RQ1: Can LLM-driven ABM serve as a method for simulating social behavior in behavioral science?
RQ2: What methodological failures arise in naive LLM-agent simulation, and what forms of protocolized control are needed to mitigate them?
RQ3: After protocolized control is introduced, can LLM-driven ABM generate auditable, empirically assessable simulation outputs with evidence of cross-scenario applicability across different social-behavioral settings?

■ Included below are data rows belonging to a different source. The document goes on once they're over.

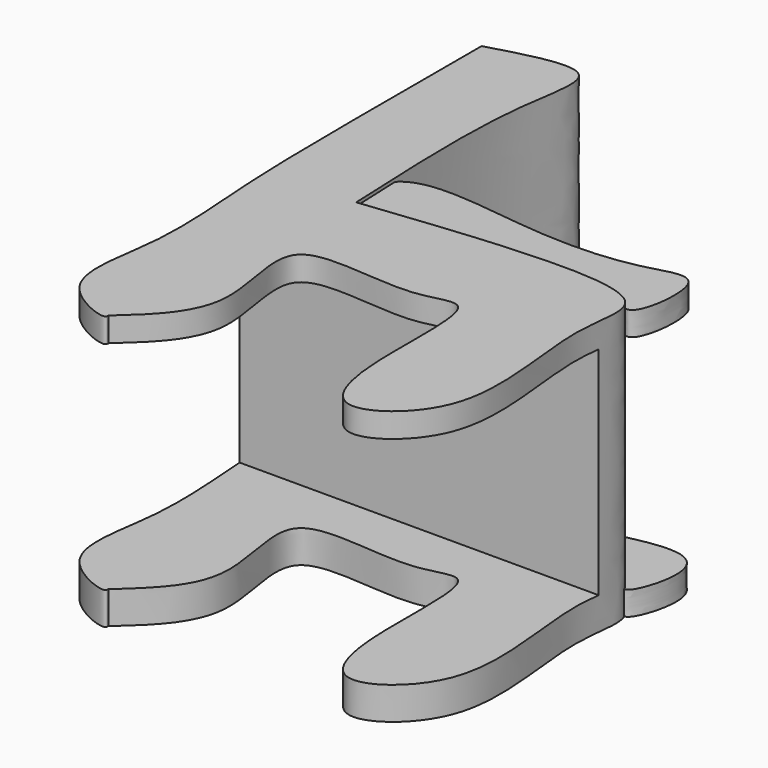
from build123d import *

# Parameters (mm, degrees)
F1_DEPTH      = 80
F2_W          = 74.4883548468
F2_H          = 63.3151000366
F3_DEPTH      = 51.565582156
F3_DEPTH_BACK = 60
F6_DEPTH      = 7
F8_DEPTH      = 7


# Not quite as in the source:
# - a feature of the source that left no trace in its solid (it failed there, or was rolled back) is left out


with BuildPart() as f1:
    # F0 (on Top) → F1 (new body)
    with BuildSketch(Plane.XY):
        with BuildLine():
            add(Edge.make_bspline(
                [(-56.0360439122, 96.469886601), (-56.0360439122, 80.7944474121), (-56.0360439122, 65.1190082232), (-56.0360439122, 49.4435690343)],
                knots=[0, 0, 0, 0, 47.0263175666, 47.0263175666, 47.0263175666, 47.0263175666], degree=3))
            add(Edge.make_bspline(
                [(-56.0360439122, 49.4435690343), (-55.97916634, 35.752272772), (-55.8689178713, 9.2137904003), (-51.9231798075, -25.1424485049), (-60.5293571401, -54.7552799982), (-39.395778527, -63.1034869385), (-39.3452111602, -61.2424431878), (-39.3351055682, -60.8705244958)],
                knots=[0, 0, 0, 0, 0.282533293, 0.5476475473, 0.7796182728, 0.9559580028, 1, 1, 1, 1], degree=3))
            add(Edge.make_bspline(
                [(-39.3351055682, -60.8705244958), (-32.0463849559, -54.3350008389), (-17.4500026501, -41.2469697645), (-34.9648975687, -1.1507715076), (7.4048818648, -12.2877867725), (25.2977205252, -0.5693604358), (20.4554095746, -44.0267518029), (29.1392602503, -67.6741537544), (58.1304151815, -45.8223982246), (45.793229252, -1.3591703757), (57.142981437, 28.1002805174), (4.9446855209, 22.2006747256), (-30.1056392491, 18.2391833514)],
                knots=[0, 0, 0, 0, 0.0955387583, 0.1913257916, 0.2937989011, 0.3599673873, 0.4693871483, 0.5488682741, 0.6374681202, 0.7602344438, 0.8390012458, 1, 1, 1, 1], degree=3))
            add(Edge.make_bspline(
                [(-30.1056392491, 18.2391833514), (-31.1289647813, 40.196685604), (-32.7494951047, 74.9684147438), (-24.1527640362, 105.6269168389), (-45.001540177, 99.6390487686), (-56.0360439122, 96.469886601)],
                knots=[0, 0, 0, 0, 0.4464796453, 0.7070416805, 1, 1, 1, 1], degree=3))
        make_face()
    extrude(amount=F1_DEPTH)

    # F2 (on Right) → F3 (cut, two sides)
    with BuildSketch(Plane.YZ) as f3_sk:
        with Locations((-30.4936701432, 41.2013721652)):
            Rectangle(F2_W, F2_H)
    extrude(amount=F3_DEPTH, mode=Mode.SUBTRACT)
    extrude(f3_sk.sketch, amount=-F3_DEPTH_BACK, mode=Mode.SUBTRACT)


with BuildPart() as f6:
    # F5 (on offset) → F6 (new body)
    with BuildSketch(Plane.XY.offset(79)):
        with BuildLine():
            add(Edge.make_bspline(
                [(-29.7705791891, 18.2560998946), (-33.7327043506, 21.0163114633), (-35.5855507611, 41.7723890529), (8.2143213295, 32.6644025717), (37.9472074704, 33.9946980783), (56.6008398148, 42.0684349474), (53.0015381449, 10.3667837393), (43.2042096436, 23.6911360184), (35.3634214473, 21.8963547001), (22.8134837175, 24.3949285391), (7.1796785413, 21.98173495), (-7.3116275375, 23.0957516435), (-24.9807955753, 14.9193006762), (-29.7705791891, 18.2560998946)],
                knots=[0, 0, 0, 0, 0.084826391, 0.2184272441, 0.3467258803, 0.424330167, 0.5196246269, 0.584833509, 0.6459477341, 0.7236665891, 0.8098448079, 0.8974540073, 1, 1, 1, 1], degree=3))
        make_face()
    extrude(amount=-F6_DEPTH)


with BuildPart() as f8:
    # F7 (on Top) → F8 (new body)
    with BuildSketch(Plane.XY):
        with BuildLine():
            add(Edge.make_bspline(
                [(-29.5314807445, 18.4871889651), (-31.9999912099, 21.2694017994), (-32.4135799943, 38.1531278125), (-23.4440949028, 36.7340414586), (-14.3512568848, 38.5659564346), (-3.6653891037, 34.9265690684), (11.1736303336, 35.6756158748), (21.5387176196, 34.3401530989), (30.7033989329, 36.1042157072), (48.551755128, 40.2824748904), (55.6808399445, 33.366793018), (53.460620713, 20.8596340482), (48.7531355051, 13.3354363986), (41.9907047587, 25.5705691098), (39.9814009229, 21.7790231157), (21.2021126611, 25.6495086732), (19.8213643562, 21.3776182112), (-7.6371083647, 21.8973901153), (-21.6842373728, 20.0408127382), (-27.9685885527, 16.7256818637), (-29.5314807445, 18.4871889651)],
                knots=[0, 0, 0, 0, 0.0700853793, 0.1137668862, 0.1654301574, 0.2226575529, 0.2886202815, 0.3429278512, 0.3961920828, 0.4674754634, 0.5152631752, 0.5758568773, 0.6156957759, 0.6693464703, 0.6960917981, 0.7672116252, 0.7998976243, 0.886193503, 0.9556267257, 1, 1, 1, 1], degree=3))
        make_face()
    extrude(amount=F8_DEPTH)


solid = Compound([f1.part, f6.part, f8.part])

This study makes four main contributions in relation to these questions.
First, starting from the ethical boundaries of real-world social experimentation, this study proposes the value of LLM-driven ABM as a low-risk pre-experimental method. This method does not replace experiments with real participants or natural experiments. Rather, it provides a simulation space for mechanism rehearsal, risk identification, and counterfactual comparison.
Second, this study diagnoses the typical failure modes of naive LLM-agent simulation and translates blurred temporal boundaries, role drift, omniscient perspectives, rule drift, non-computable outputs, invalid numerical values, and replication difficulties into operational protocol-control items.
Third, this study proposes a protocolized LLM-driven ABM framework that incorporates prompts, role cards, rule tables, information boundaries, output schemas, harness checks, and validation targets into the research design. Through this framework, LLM-driven ABM can generate behavioral simulation outputs that are auditable, reproducible, and empirically comparable.
Fourth, this study conducts a multi-evidence evaluation through three social-behavioral cases: a minimum wage policy shock, a digital-campaigning information intervention, and urban tourism public-opinion dynamics. These three cases jointly test the method’s data analyzability, counterfactual comparability, group-ordering consistency, and process-explanation capacity.